# Civic Matters > Suburban & Other OK Communities > Midwest City/Del City >  Garage Restaurant Del City

## whorton

Suppose to be a pretty good restaurant?  Stopped by mid evening second week of August 2016.  I was NOT impressed. . .

I had heard all sorts of good things about the restaurant, and was looking forward to trying it.  Ordered the standard hamburger and fries.  Hamburger was mediocre at best, the fries were a disaster.  I got a nice little containter of fry remains all less than an inch long and soggy.  When the girl who took the order finally came back by, I tried to explain what the issue was and she was too busy to even take a moment and listen, much less replace the fries and make the order good. 

This happened a second time a few minutes later.  
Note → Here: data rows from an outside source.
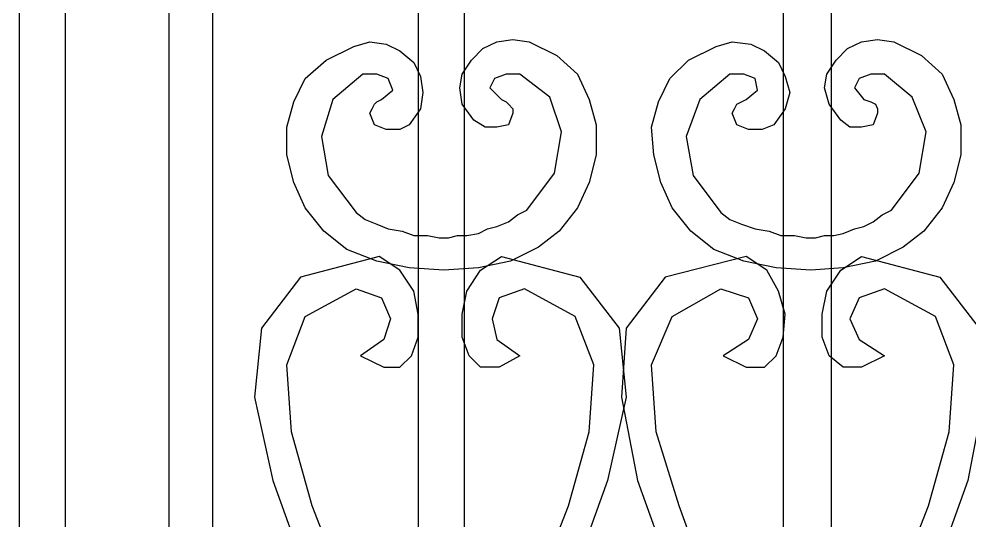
# Model space of a CAD drawing. Header units: centimetres. Extents: x -44.8 to 53, y -30.8 to 53.
# Drawn here: x -43.74 to -17.05, y 10.42 to 24.5 of the extents above; entities that cross this region are included whole.
import ezdxf

# ---------------------------------------------------------------- set-up
doc = ezdxf.new("R2010")
doc.units = ezdxf.units.CM
doc.header["$MEASUREMENT"] = 0
doc.layers.add('layer 1', color=7, linetype='Continuous')

msp = doc.modelspace()

# ---------------------------------------------------------------- linework, layer by layer
at = {"layer": 'layer 1', "color": 156}
for points, knots in [([(-32.53622, -28.21475), (-32.53622, -28.21475), (-32.53622, 51.52764), (-32.53622, 51.52764), (-32.53622, 51.52764), (-32.53622, 51.52764), (-31.24065, 51.52764), (-31.24065, 51.52764), (-31.24065, 51.52764), (-31.24065, 51.52764), (-31.24065, -28.14997), (-31.24065, -28.14997), (-31.24065, -28.14997), (-31.24065, -28.14997), (-32.53622, -28.21475), (-32.53622, -28.21475)], [0, 0, 0, 0, 0.25, 0.25, 0.25, 0.25, 0.5, 0.5, 0.5, 0.5, 0.75, 0.75, 0.75, 0.75, 1, 1, 1, 1]), ([(-22.30121, -28.21475), (-22.30121, -28.21475), (-22.30121, 51.52764), (-22.30121, 51.52764), (-22.30121, 51.52764), (-22.30121, 51.52764), (-20.94086, 51.52764), (-20.94086, 51.52764), (-20.94086, 51.52764), (-20.94086, 51.52764), (-20.94086, -28.14997), (-20.94086, -28.14997), (-20.94086, -28.14997), (-20.94086, -28.14997), (-22.30121, -28.21475), (-22.30121, -28.21475)], [0, 0, 0, 0, 0.25, 0.25, 0.25, 0.25, 0.5, 0.5, 0.5, 0.5, 0.75, 0.75, 0.75, 0.75, 1, 1, 1, 1]), ([(-43.74291, 48.74216), (-43.74291, 48.74216), (-38.30152, 48.74216), (-38.30152, 48.74216), (-38.30152, 48.74216), (-38.30152, 48.74216), (-38.30152, -27.43741), (-38.30152, -27.43741), (-38.30152, -27.43741), (-38.30152, -27.43741), (-43.74291, -27.43741), (-43.74291, -27.43741), (-43.74291, -27.43741), (-43.74291, -27.43741), (-43.74291, 48.74216), (-43.74291, 48.74216)], [0, 0, 0, 0, 0.25, 0.25, 0.25, 0.25, 0.5, 0.5, 0.5, 0.5, 0.75, 0.75, 0.75, 0.75, 1, 1, 1, 1]), ([(-28.58473, 18.55536), (-28.58473, 18.55536), (-28.0665, 19.20314), (-28.0665, 19.20314), (-28.0665, 19.20314), (-28.0665, 19.20314), (-27.74261, 19.91571), (-27.74261, 19.91571), (-27.74261, 19.91571), (-27.74261, 19.91571), (-27.54828, 20.69305), (-27.54828, 20.69305), (-27.54828, 20.69305), (-27.54828, 20.69305), (-27.54828, 21.53517), (-27.54828, 21.53517), (-27.54828, 21.53517), (-27.54828, 21.53517), (-27.74261, 22.24774), (-27.74261, 22.24774), (-27.74261, 22.24774), (-27.74261, 22.24774), (-28.0665, 22.9603), (-28.0665, 22.9603), (-28.0665, 22.9603), (-28.0665, 22.9603), (-28.64951, 23.47853), (-28.64951, 23.47853), (-28.64951, 23.47853), (-28.64951, 23.47853), (-29.42685, 23.8672), (-29.42685, 23.8672), (-29.42685, 23.8672), (-29.42685, 23.8672), (-29.8803, 23.93198), (-29.8803, 23.93198), (-29.8803, 23.93198), (-29.8803, 23.93198), (-30.33375, 23.8672), (-30.33375, 23.8672), (-30.33375, 23.8672), (-30.33375, 23.8672), (-30.72243, 23.67286), (-30.72243, 23.67286), (-30.72243, 23.67286), (-30.72243, 23.67286), (-31.04632, 23.34897), (-31.04632, 23.34897), (-31.04632, 23.34897), (-31.04632, 23.34897), (-31.30543, 22.9603), (-31.30543, 22.9603), (-31.30543, 22.9603), (-31.30543, 22.9603), (-31.37021, 22.57163), (-31.37021, 22.57163), (-31.37021, 22.57163), (-31.37021, 22.57163), (-31.30543, 22.11818), (-31.30543, 22.11818), (-31.30543, 22.11818), (-31.30543, 22.11818), (-30.98154, 21.66473), (-30.98154, 21.66473), (-30.98154, 21.66473), (-30.98154, 21.66473), (-30.65765, 21.47039), (-30.65765, 21.47039), (-30.65765, 21.47039), (-30.65765, 21.47039), (-30.33375, 21.47039), (-30.33375, 21.47039), (-30.33375, 21.47039), (-30.33375, 21.47039), (-30.00986, 21.53517), (-30.00986, 21.53517), (-30.00986, 21.53517), (-30.00986, 21.53517), (-29.8803, 21.85906), (-29.8803, 21.85906), (-29.8803, 21.85906), (-29.8803, 21.85906), (-29.8803, 21.98862), (-29.8803, 21.98862), (-29.8803, 21.98862), (-29.8803, 21.98862), (-30.00986, 22.11818), (-30.00986, 22.11818), (-30.00986, 22.11818), (-30.00986, 22.11818), (-30.07464, 22.18296), (-30.07464, 22.18296), (-30.07464, 22.18296), (-30.07464, 22.18296), (-30.2042, 22.24774), (-30.2042, 22.24774), (-30.2042, 22.24774), (-30.2042, 22.24774), (-30.52809, 22.57163), (-30.52809, 22.57163), (-30.52809, 22.57163), (-30.52809, 22.57163), (-30.39853, 22.83074), (-30.39853, 22.83074), (-30.39853, 22.83074), (-30.39853, 22.83074), (-30.07464, 22.9603), (-30.07464, 22.9603), (-30.07464, 22.9603), (-30.07464, 22.9603), (-29.68597, 22.9603), (-29.68597, 22.9603), (-29.68597, 22.9603), (-29.68597, 22.9603), (-28.84385, 22.31251), (-28.84385, 22.31251), (-28.84385, 22.31251), (-28.84385, 22.31251), (-28.51995, 21.34084), (-28.51995, 21.34084), (-28.51995, 21.34084), (-28.51995, 21.34084), (-28.71429, 20.17482), (-28.71429, 20.17482), (-28.71429, 20.17482), (-28.71429, 20.17482), (-29.49163, 19.13837), (-29.49163, 19.13837), (-29.49163, 19.13837), (-29.49163, 19.13837), (-29.75075, 19.00881), (-29.75075, 19.00881), (-29.75075, 19.00881), (-29.75075, 19.00881), (-30.00986, 18.81447), (-30.00986, 18.81447), (-30.00986, 18.81447), (-30.00986, 18.81447), (-30.33375, 18.68492), (-30.33375, 18.68492), (-30.33375, 18.68492), (-30.33375, 18.68492), (-30.59287, 18.62014), (-30.59287, 18.62014), (-30.59287, 18.62014), (-30.59287, 18.62014), (-30.85198, 18.49058), (-30.85198, 18.49058), (-30.85198, 18.49058), (-30.85198, 18.49058), (-31.17587, 18.4258), (-31.17587, 18.4258), (-31.17587, 18.4258), (-31.17587, 18.4258), (-31.43499, 18.4258), (-31.43499, 18.4258), (-31.43499, 18.4258), (-31.43499, 18.4258), (-31.6941, 18.36102), (-31.6941, 18.36102), (-31.6941, 18.36102), (-31.6941, 18.36102), (-31.6941, 18.36102), (-31.6941, 18.36102), (-31.6941, 18.36102), (-31.6941, 18.36102), (-31.6941, 18.36102), (-31.6941, 18.36102), (-31.6941, 18.36102), (-31.6941, 18.36102), (-31.6941, 18.36102), (-31.6941, 18.36102), (-31.6941, 18.36102), (-31.6941, 18.36102), (-31.6941, 18.36102), (-31.6941, 18.36102), (-31.6941, 18.36102), (-31.6941, 18.36102), (-31.95322, 18.36102), (-31.95322, 18.36102), (-31.95322, 18.36102), (-31.95322, 18.36102), (-32.27711, 18.4258), (-32.27711, 18.4258), (-32.27711, 18.4258), (-32.27711, 18.4258), (-32.66578, 18.4258), (-32.66578, 18.4258), (-32.66578, 18.4258), (-32.66578, 18.4258), (-32.98967, 18.55536), (-32.98967, 18.55536), (-32.98967, 18.55536), (-32.98967, 18.55536), (-33.37835, 18.62014), (-33.37835, 18.62014), (-33.37835, 18.62014), (-33.37835, 18.62014), (-33.70224, 18.74969), (-33.70224, 18.74969), (-33.70224, 18.74969), (-33.70224, 18.74969), (-34.02613, 18.87925), (-34.02613, 18.87925), (-34.02613, 18.87925), (-34.02613, 18.87925), (-34.28525, 19.07359), (-34.28525, 19.07359), (-34.28525, 19.07359), (-34.28525, 19.07359), (-35.06259, 20.11004), (-35.06259, 20.11004), (-35.06259, 20.11004), (-35.06259, 20.11004), (-35.25692, 21.21128), (-35.25692, 21.21128), (-35.25692, 21.21128), (-35.25692, 21.21128), (-34.93303, 22.24774), (-34.93303, 22.24774), (-34.93303, 22.24774), (-34.93303, 22.24774), (-34.09091, 22.9603), (-34.09091, 22.9603), (-34.09091, 22.9603), (-34.09091, 22.9603), (-33.70224, 22.9603), (-33.70224, 22.9603), (-33.70224, 22.9603), (-33.70224, 22.9603), (-33.37835, 22.83074), (-33.37835, 22.83074), (-33.37835, 22.83074), (-33.37835, 22.83074), (-33.24879, 22.50685), (-33.24879, 22.50685), (-33.24879, 22.50685), (-33.24879, 22.50685), (-33.57268, 22.24774), (-33.57268, 22.24774), (-33.57268, 22.24774), (-33.57268, 22.24774), (-33.70224, 22.18296), (-33.70224, 22.18296), (-33.70224, 22.18296), (-33.70224, 22.18296), (-33.76702, 22.11818), (-33.76702, 22.11818), (-33.76702, 22.11818), (-33.76702, 22.11818), (-33.8318, 21.98862), (-33.8318, 21.98862), (-33.8318, 21.98862), (-33.8318, 21.98862), (-33.89657, 21.85906), (-33.89657, 21.85906), (-33.89657, 21.85906), (-33.89657, 21.85906), (-33.76702, 21.53517), (-33.76702, 21.53517), (-33.76702, 21.53517), (-33.76702, 21.53517), (-33.44312, 21.40561), (-33.44312, 21.40561), (-33.44312, 21.40561), (-33.44312, 21.40561), (-33.05445, 21.40561), (-33.05445, 21.40561), (-33.05445, 21.40561), (-33.05445, 21.40561), (-32.79534, 21.53517), (-32.79534, 21.53517), (-32.79534, 21.53517), (-32.79534, 21.53517), (-32.47145, 21.98862), (-32.47145, 21.98862), (-32.47145, 21.98862), (-32.47145, 21.98862), (-32.40667, 22.44207), (-32.40667, 22.44207), (-32.40667, 22.44207), (-32.40667, 22.44207), (-32.47145, 22.89552), (-32.47145, 22.89552), (-32.47145, 22.89552), (-32.47145, 22.89552), (-32.66578, 23.28419), (-32.66578, 23.28419), (-32.66578, 23.28419), (-32.66578, 23.28419), (-33.05445, 23.60809), (-33.05445, 23.60809), (-33.05445, 23.60809), (-33.05445, 23.60809), (-33.44312, 23.80242), (-33.44312, 23.80242), (-33.44312, 23.80242), (-33.44312, 23.80242), (-33.89657, 23.8672), (-33.89657, 23.8672), (-33.89657, 23.8672), (-33.89657, 23.8672), (-34.35002, 23.73764), (-34.35002, 23.73764), (-34.35002, 23.73764), (-34.35002, 23.73764), (-35.12737, 23.34897), (-35.12737, 23.34897), (-35.12737, 23.34897), (-35.12737, 23.34897), (-35.71037, 22.83074), (-35.71037, 22.83074), (-35.71037, 22.83074), (-35.71037, 22.83074), (-36.03427, 22.18296), (-36.03427, 22.18296), (-36.03427, 22.18296), (-36.03427, 22.18296), (-36.2286, 21.47039), (-36.2286, 21.47039), (-36.2286, 21.47039), (-36.2286, 21.47039), (-36.2286, 20.69305), (-36.2286, 20.69305), (-36.2286, 20.69305), (-36.2286, 20.69305), (-36.03427, 19.91571), (-36.03427, 19.91571), (-36.03427, 19.91571), (-36.03427, 19.91571), (-35.71037, 19.20314), (-35.71037, 19.20314), (-35.71037, 19.20314), (-35.71037, 19.20314), (-35.19214, 18.55536), (-35.19214, 18.55536), (-35.19214, 18.55536), (-35.19214, 18.55536), (-34.54436, 18.03713), (-34.54436, 18.03713), (-34.54436, 18.03713), (-34.54436, 18.03713), (-33.70224, 17.71324), (-33.70224, 17.71324), (-33.70224, 17.71324), (-33.70224, 17.71324), (-32.79534, 17.5189), (-32.79534, 17.5189), (-32.79534, 17.5189), (-32.79534, 17.5189), (-31.82366, 17.45412), (-31.82366, 17.45412), (-31.82366, 17.45412), (-31.82366, 17.45412), (-30.85198, 17.5189), (-30.85198, 17.5189), (-30.85198, 17.5189), (-30.85198, 17.5189), (-29.94508, 17.71324), (-29.94508, 17.71324), (-29.94508, 17.71324), (-29.94508, 17.71324), (-29.16774, 18.10191), (-29.16774, 18.10191), (-29.16774, 18.10191), (-29.16774, 18.10191), (-28.58473, 18.55536), (-28.58473, 18.55536)], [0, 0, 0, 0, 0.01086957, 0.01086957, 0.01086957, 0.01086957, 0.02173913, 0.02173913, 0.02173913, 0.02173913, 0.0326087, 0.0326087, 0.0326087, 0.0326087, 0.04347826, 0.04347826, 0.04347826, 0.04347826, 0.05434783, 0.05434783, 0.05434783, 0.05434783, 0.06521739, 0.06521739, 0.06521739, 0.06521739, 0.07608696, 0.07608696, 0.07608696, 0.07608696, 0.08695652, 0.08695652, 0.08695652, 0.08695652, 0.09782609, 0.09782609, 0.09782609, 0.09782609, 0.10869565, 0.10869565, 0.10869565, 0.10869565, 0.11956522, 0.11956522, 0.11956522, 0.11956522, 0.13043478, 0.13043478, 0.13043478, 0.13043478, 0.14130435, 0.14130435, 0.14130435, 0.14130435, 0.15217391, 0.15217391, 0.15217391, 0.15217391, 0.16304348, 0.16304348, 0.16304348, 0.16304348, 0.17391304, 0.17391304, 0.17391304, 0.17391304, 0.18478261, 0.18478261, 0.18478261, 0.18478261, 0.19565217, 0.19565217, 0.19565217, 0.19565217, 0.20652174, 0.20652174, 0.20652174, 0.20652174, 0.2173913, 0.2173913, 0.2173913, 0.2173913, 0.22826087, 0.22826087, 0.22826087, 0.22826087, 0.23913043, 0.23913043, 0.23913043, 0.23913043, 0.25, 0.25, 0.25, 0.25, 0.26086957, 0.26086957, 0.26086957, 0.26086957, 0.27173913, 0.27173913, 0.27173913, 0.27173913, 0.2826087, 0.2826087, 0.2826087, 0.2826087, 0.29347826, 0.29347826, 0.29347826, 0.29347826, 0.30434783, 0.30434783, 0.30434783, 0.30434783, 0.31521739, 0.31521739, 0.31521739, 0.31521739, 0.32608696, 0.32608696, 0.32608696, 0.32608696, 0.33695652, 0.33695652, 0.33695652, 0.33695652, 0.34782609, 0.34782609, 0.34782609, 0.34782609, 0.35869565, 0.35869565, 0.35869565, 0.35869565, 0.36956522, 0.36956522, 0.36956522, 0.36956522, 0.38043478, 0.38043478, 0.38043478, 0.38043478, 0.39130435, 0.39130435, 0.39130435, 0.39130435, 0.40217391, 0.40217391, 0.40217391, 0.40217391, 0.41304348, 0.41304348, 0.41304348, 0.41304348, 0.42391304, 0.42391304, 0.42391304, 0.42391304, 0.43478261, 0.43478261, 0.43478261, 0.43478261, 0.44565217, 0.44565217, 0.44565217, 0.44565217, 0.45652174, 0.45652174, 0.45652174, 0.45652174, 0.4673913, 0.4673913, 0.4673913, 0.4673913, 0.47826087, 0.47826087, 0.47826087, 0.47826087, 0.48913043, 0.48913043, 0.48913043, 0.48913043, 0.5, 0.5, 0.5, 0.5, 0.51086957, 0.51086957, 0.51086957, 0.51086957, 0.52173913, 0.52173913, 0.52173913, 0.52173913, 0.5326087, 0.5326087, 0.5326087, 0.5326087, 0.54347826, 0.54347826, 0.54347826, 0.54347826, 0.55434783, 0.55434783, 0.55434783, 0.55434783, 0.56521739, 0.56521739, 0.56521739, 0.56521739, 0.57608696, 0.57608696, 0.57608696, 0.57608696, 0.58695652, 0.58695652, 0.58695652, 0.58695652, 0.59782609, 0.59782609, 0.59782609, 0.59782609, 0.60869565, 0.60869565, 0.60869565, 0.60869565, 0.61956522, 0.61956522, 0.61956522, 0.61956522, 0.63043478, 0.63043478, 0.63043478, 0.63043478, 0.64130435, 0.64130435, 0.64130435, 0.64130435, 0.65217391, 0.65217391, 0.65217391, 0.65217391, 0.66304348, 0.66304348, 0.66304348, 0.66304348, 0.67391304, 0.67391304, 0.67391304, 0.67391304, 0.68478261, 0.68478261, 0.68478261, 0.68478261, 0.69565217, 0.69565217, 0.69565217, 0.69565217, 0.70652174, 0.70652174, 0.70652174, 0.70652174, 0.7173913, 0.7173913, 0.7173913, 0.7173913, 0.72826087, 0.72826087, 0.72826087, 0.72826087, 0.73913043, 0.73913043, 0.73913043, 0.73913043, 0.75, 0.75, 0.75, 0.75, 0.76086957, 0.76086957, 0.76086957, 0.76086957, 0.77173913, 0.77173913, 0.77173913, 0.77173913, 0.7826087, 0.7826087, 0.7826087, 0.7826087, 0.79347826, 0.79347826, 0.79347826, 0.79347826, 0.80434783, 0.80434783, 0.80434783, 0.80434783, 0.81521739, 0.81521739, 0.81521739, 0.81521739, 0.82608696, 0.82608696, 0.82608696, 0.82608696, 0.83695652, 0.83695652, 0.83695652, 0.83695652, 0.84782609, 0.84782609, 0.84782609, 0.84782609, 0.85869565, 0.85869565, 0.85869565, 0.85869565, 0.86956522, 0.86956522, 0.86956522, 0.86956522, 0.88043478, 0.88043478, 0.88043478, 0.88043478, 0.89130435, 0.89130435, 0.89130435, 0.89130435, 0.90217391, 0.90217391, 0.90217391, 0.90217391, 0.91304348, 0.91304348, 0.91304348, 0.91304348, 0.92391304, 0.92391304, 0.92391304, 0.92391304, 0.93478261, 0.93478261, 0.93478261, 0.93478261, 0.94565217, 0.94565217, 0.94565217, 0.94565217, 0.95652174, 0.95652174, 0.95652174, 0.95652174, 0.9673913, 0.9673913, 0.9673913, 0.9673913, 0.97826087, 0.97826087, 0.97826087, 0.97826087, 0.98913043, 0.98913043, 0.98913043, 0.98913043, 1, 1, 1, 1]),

I understand once in a while you get a short order (so to speak) but being ignored TWICE when you bring it to managements attention is unforgivable.

We will not be back.

----------


## HangryHippo

> Suppose to be a pretty good restaurant?  Stopped by mid evening second week of August 2016.  I was NOT impressed. . .
> 
> I had heard all sorts of good things about the restaurant, and was looking forward to trying it.  Ordered the standard hamburger and fries.  Hamburger was mediocre at best, the fries were a disaster.  I got a nice little containter of fry remains all less than an inch long and soggy.  When the girl who took the order finally came back by, I tried to explain what the issue was and she was too busy to even take a moment and listen, much less replace the fries and make the order good. 
> 
> This happened a second time a few minutes later.  
> 
> I understand once in a while you get a short order (so to speak) but being ignored TWICE when you bring it to managements attention is unforgivable.
> 
> We will not be back.


You will find no bigger fan of The Garage than myself, but I've had the same experience at the Del City location.  I have not returned, but I really, really recommend you give one of their other locations a shot.  All are outstanding (particularly the downtown location) but that Del City one is just the worst.

----------


## Pete

^

Similarly, I was very indifferent after my first experience in Edmond but I've grown to love the Midtown locations and it's one of my favorite places in terms of bars and food.

----------


## Roger S

> ^
> 
> Similarly, I was very indifferent after my first experience in Edmond but I've grown to love the Midtown locations and it's one of my favorite places in terms of bars and food.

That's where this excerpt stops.